Open cjllanwarne opened 1 year ago
Thanks @cjllanwarne, an interesting suggestion.
However, on the task level, I'm not quite sure I understand why you think that stderr
doesn't fit. In my understanding, if a task fails, it is up to the individual tool to let the user know what went wrong, typically via the STDERR
stream. A workflow engine would have no (semantic) understanding of what exactly went wrong (and neither has the platform executing the task/container), so all they do is log that there has been an error, together with the tool's STDERR
stream and exit status. Or am I missing something?
On the WES side, in such a scenario, I believe RunLog.state
should be set to EXECUTION_ERROR
, the tool's STDERR
stream should be made available in that tool's RunLog.task_logs.$.stderr
property, and the workflow's STDERR
stream should be made available in the run's RunLog.run_log.stderr
property (and the exit_code
s set for both task and workflow).
Things may be different for workflow engine errors, as the engine should know, e.g., about a badly formed workflow or issues with the task execution engines, and could therefore report errors more directly/explicitly along the lines you mention. WES wrappers could then parse the engine logs to populate such a field (or perhaps if an engine is aware that it is behind a WES, it could inform the WES more directly). And I could totally see that being useful (certainly more user friendly than showing the last n lines of the engine's STDERR
stream).
So one example might be that a cloud executor kills a task because it ran out of memory - but the task itself did not emit any stdout, it just got killed.
In that case, the task error message could be something like "task killed by supervisor", and stderr should be the empty string.
Rather than an errors
list of strings, how about a statusMessage
optional string property? This broadens the scope of the message to handle statuses other than EXECUTOR_ERROR
at the run level or FAILED
at the task level.
A statusMessage
could work too, as long as we could reliably choose to forward it to users as an error if the workflow or task failed.

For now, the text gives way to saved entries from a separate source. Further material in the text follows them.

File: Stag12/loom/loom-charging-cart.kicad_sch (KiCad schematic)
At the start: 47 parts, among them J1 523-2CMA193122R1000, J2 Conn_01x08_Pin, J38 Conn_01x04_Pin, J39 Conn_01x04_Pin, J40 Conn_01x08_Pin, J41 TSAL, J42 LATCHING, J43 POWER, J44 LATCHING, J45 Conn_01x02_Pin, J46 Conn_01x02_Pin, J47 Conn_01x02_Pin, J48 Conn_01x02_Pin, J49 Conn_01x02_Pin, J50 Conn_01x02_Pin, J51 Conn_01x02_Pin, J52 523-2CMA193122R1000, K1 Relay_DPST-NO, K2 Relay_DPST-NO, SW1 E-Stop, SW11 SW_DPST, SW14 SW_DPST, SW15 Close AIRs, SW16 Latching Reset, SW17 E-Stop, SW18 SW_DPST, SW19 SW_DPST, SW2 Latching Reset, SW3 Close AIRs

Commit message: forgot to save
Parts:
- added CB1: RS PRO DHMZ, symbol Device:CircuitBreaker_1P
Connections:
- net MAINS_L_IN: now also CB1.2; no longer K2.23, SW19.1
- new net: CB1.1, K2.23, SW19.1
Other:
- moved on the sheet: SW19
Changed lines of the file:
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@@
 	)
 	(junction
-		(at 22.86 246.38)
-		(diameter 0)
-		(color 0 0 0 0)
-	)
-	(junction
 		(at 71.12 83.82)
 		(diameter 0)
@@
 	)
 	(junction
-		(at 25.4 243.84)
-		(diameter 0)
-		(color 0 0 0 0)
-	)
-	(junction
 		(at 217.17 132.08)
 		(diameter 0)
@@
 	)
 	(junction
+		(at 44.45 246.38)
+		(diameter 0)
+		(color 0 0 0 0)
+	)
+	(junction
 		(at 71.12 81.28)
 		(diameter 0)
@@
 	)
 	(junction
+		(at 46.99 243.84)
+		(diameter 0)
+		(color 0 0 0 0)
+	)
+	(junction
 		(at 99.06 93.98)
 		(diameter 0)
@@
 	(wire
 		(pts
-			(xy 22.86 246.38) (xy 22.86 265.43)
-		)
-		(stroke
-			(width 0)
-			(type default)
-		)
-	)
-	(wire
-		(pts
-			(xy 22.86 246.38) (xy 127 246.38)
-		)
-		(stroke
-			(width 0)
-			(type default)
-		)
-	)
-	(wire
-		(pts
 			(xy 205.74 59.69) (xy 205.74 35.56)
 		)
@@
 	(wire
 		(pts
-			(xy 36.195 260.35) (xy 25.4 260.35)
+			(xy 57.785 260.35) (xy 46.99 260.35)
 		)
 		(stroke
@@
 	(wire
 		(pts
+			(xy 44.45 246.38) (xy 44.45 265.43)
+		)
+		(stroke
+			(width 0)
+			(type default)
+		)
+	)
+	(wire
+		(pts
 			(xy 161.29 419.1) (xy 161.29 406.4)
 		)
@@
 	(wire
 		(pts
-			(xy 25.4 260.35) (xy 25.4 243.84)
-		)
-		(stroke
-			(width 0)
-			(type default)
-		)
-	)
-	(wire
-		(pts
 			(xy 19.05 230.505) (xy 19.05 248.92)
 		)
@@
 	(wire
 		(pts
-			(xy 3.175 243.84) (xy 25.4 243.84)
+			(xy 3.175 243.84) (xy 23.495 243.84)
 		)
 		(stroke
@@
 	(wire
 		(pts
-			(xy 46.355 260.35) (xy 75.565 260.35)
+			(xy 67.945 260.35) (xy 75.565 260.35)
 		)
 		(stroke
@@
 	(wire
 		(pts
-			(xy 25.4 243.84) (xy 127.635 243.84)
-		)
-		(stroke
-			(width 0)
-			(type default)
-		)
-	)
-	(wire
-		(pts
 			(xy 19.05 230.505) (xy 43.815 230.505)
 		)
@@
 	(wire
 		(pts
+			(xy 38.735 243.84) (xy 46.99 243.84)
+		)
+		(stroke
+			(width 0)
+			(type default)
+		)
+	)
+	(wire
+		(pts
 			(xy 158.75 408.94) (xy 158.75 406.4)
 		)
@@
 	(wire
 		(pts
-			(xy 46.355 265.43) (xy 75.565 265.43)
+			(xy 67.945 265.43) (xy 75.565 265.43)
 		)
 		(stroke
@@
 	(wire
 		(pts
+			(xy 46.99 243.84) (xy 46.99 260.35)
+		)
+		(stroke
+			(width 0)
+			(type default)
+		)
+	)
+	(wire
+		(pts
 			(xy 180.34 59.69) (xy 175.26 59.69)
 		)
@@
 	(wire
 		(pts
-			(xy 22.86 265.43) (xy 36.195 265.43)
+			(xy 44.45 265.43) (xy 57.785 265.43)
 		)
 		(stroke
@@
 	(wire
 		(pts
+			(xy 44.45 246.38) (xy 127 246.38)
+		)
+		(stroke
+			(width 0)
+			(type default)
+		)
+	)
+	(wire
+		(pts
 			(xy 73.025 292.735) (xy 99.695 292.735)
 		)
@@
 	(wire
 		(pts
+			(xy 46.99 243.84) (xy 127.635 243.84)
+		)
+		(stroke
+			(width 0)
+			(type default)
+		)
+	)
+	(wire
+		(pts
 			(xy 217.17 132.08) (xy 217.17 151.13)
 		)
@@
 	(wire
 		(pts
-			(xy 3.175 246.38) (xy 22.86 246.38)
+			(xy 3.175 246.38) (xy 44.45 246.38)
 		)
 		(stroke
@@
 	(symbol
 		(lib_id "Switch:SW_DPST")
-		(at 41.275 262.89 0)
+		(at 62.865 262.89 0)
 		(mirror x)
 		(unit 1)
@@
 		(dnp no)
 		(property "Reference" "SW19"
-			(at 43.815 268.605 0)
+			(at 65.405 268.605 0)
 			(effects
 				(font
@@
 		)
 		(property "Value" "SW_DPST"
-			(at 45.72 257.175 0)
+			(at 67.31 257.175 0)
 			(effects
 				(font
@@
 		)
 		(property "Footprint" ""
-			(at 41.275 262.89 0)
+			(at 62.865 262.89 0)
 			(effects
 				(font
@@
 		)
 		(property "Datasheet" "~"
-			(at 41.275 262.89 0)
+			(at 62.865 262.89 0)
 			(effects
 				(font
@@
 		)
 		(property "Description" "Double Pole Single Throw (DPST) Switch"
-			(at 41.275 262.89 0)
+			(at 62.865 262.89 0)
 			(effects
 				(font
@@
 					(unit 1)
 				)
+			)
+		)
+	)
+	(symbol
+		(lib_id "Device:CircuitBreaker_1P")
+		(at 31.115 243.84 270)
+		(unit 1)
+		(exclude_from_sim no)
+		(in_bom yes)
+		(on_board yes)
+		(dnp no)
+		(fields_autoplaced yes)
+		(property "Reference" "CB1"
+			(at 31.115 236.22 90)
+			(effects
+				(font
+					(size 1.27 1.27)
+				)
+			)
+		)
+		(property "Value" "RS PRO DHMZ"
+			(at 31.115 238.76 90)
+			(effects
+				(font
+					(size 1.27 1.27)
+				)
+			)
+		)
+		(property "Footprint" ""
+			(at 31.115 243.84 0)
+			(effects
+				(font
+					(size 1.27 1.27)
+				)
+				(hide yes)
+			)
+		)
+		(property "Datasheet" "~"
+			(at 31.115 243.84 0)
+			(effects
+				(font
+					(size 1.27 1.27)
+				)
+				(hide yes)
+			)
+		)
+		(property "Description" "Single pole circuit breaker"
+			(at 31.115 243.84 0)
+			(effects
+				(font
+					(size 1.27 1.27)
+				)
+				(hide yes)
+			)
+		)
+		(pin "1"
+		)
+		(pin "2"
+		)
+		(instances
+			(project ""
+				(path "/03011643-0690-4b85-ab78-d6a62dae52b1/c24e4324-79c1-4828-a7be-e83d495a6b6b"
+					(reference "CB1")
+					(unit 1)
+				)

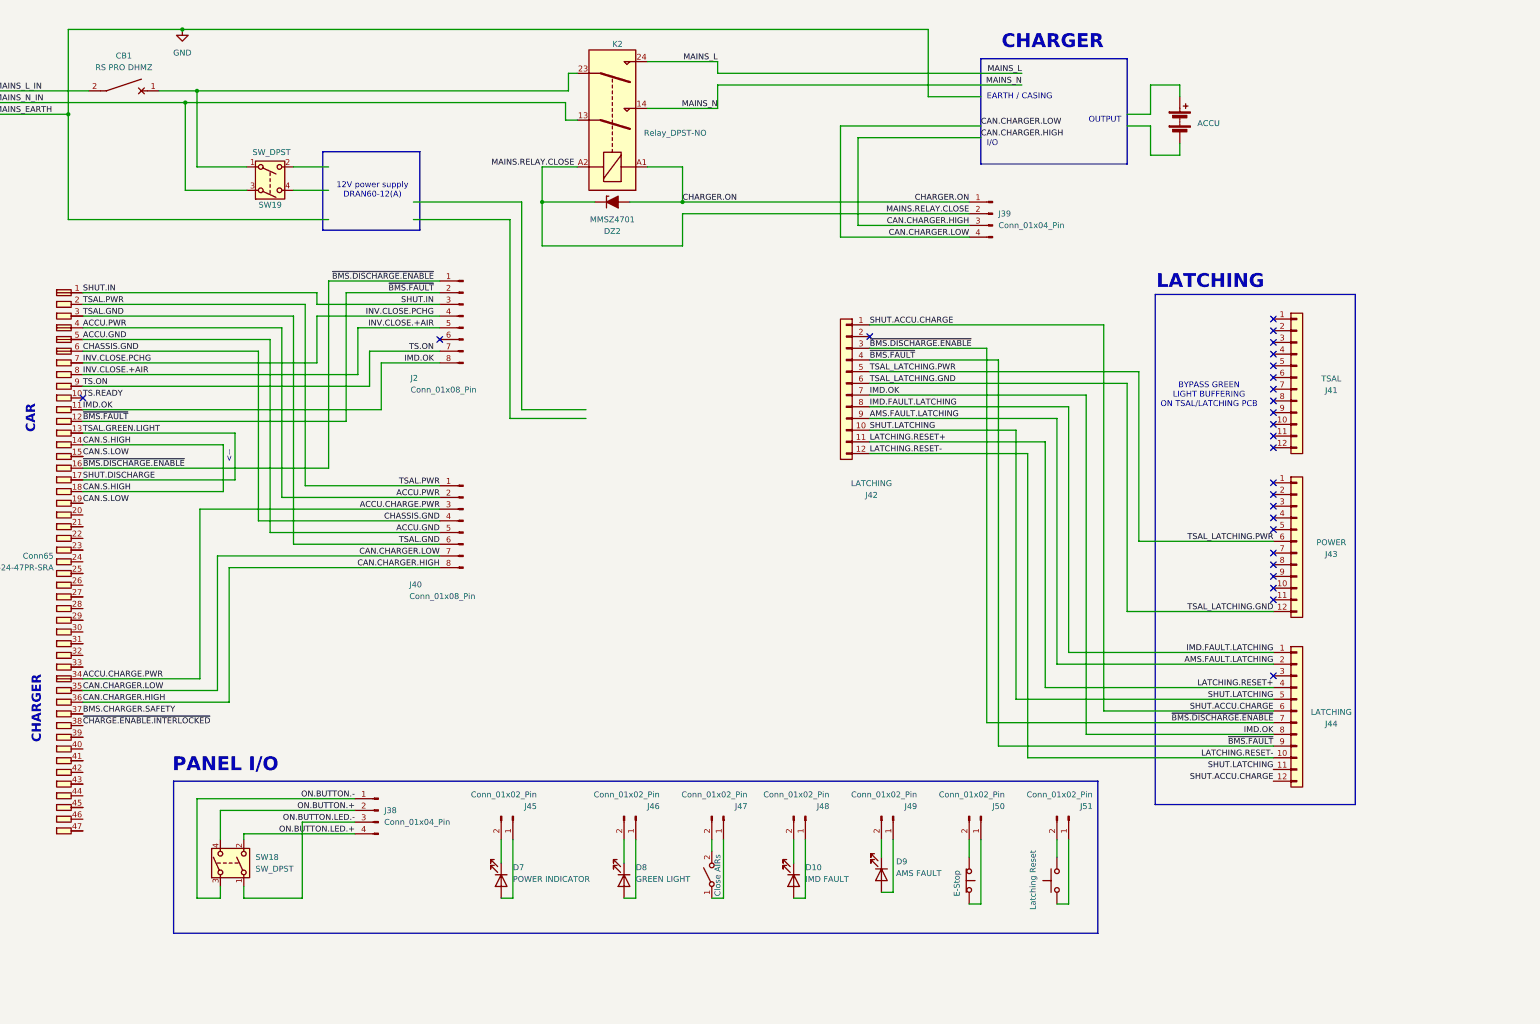
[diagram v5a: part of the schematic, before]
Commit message: Update loom-charging-cart.kicad_sch
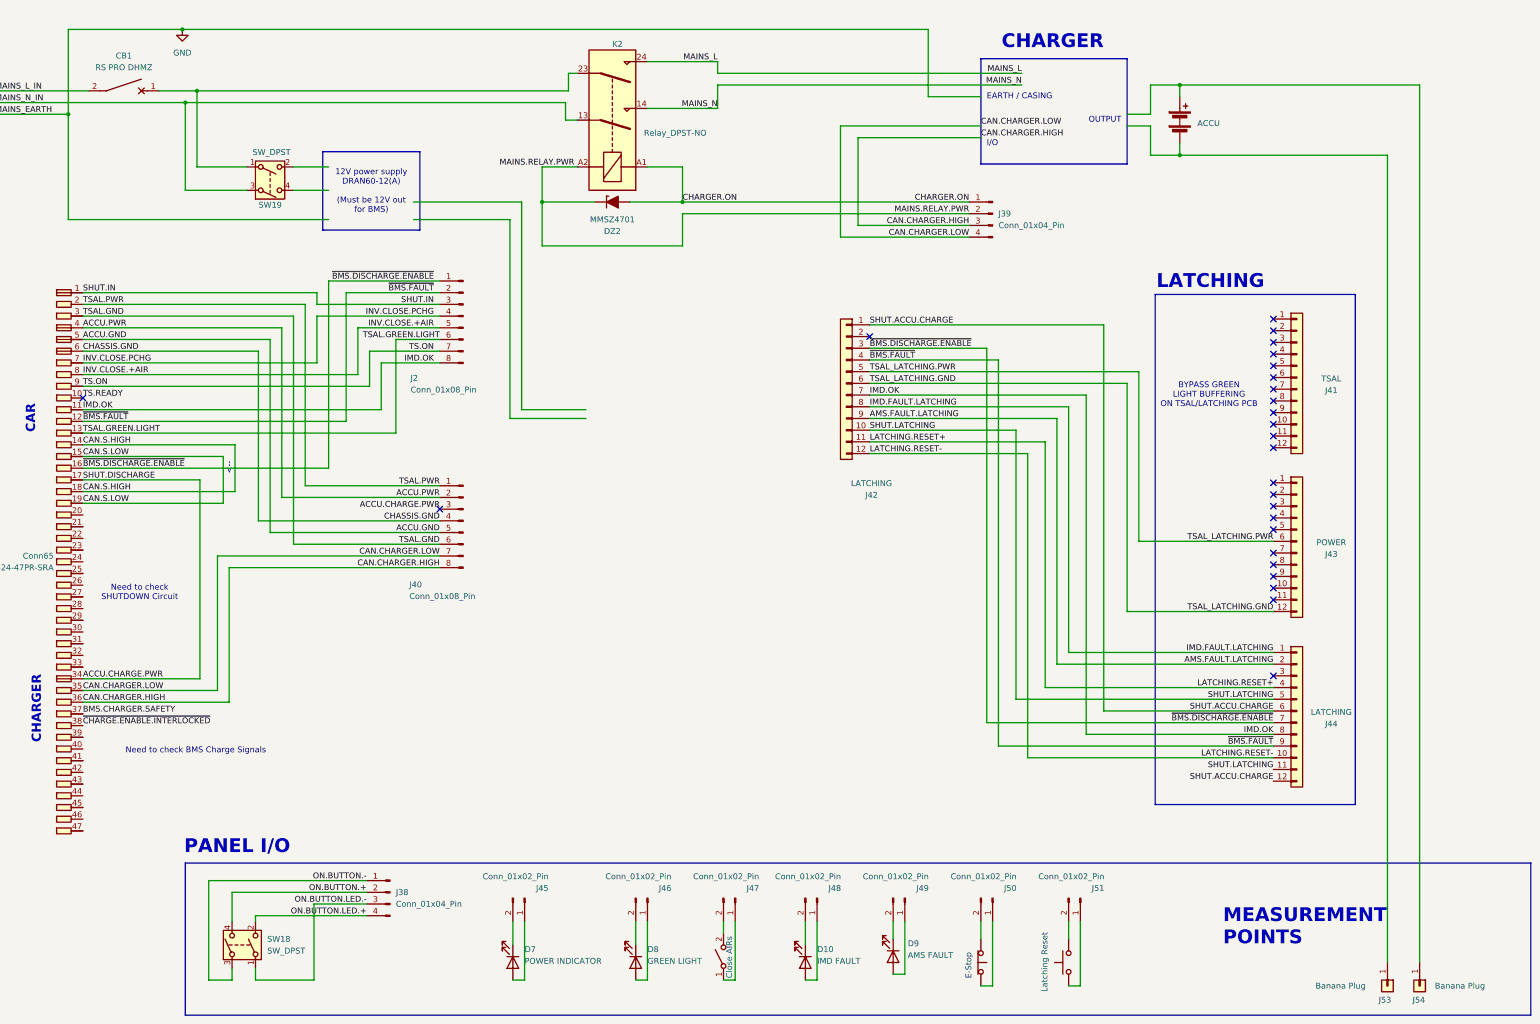
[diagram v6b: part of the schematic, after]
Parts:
- added J53, J54: Banana Plug, symbol Connector_Generic:Conn_01x01
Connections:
- net +12V: now also Conn57.17, Conn65.17
- net TSAL.GREEN.LIGHT: now reaches J2.6 (Pin_6)
- net TSAL.GREEN.LIGHT: now also Conn57.13, Conn65.13
- net at BT2.1 (+): now also J54.1 (Pin_1)
- net at BT2.2 (-): now also J53.1 (Pin_1)
- net MAINS.RELAY.CLOSE renamed MAINS.RELAY.PWR
- removed net SHUT.DISCHARGE: Conn57.13, Conn57.17, Conn65.13, Conn65.17
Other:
- note added: "12V power supply DRAN60-12(A) (Must be 12V out for BMS)"
- note added: "MEASUREMENT POINTS"
- note added: "Need to check BMS Charge Signals"
- note added: "Need to check SHUTDOWN Circuit"
- note removed: "12V power supply DRAN60-12(A)"
- moved on the sheet: D10, D7, D8, D9, J38, J45, J46, J47, J48, J49, J50, J51

To be honest, I find APIs where fields have a single, clear purpose to be much easier to use than APIs with "cover all bases" fields, because "cover all bases" fields tend to need human understanding to use, whereas simple clear fields are easy to build automations around.
I agree that clear semantics are important, but I think if cross-referencing another field resolves any ambiguity, then I think it's fine to overload a field. And checking the workflow's or task's state would provide the necessary information to put statusMessages
in context.
Still, I'm wondering: Are we only talking about SYSTEM_ERROR
s here? I still don't quite see how, in the absence of standardized error reporting, we could have WES and TES servers understand workflow engine or tool errors semantically. And so I don't see how they could provide errors
or statusMessages
field for these errors. The examples @cjllanwarne gave all sound like SYSTEM_ERRORS
to me. Conversely, stderr
should be the right place to find out more details about EXECUTION_ERROR
s, so I suppose that the suggested change would complement this very well, and this distinction could potentially also help address #179.
Are we only talking about SYSTEM_ERRORs here?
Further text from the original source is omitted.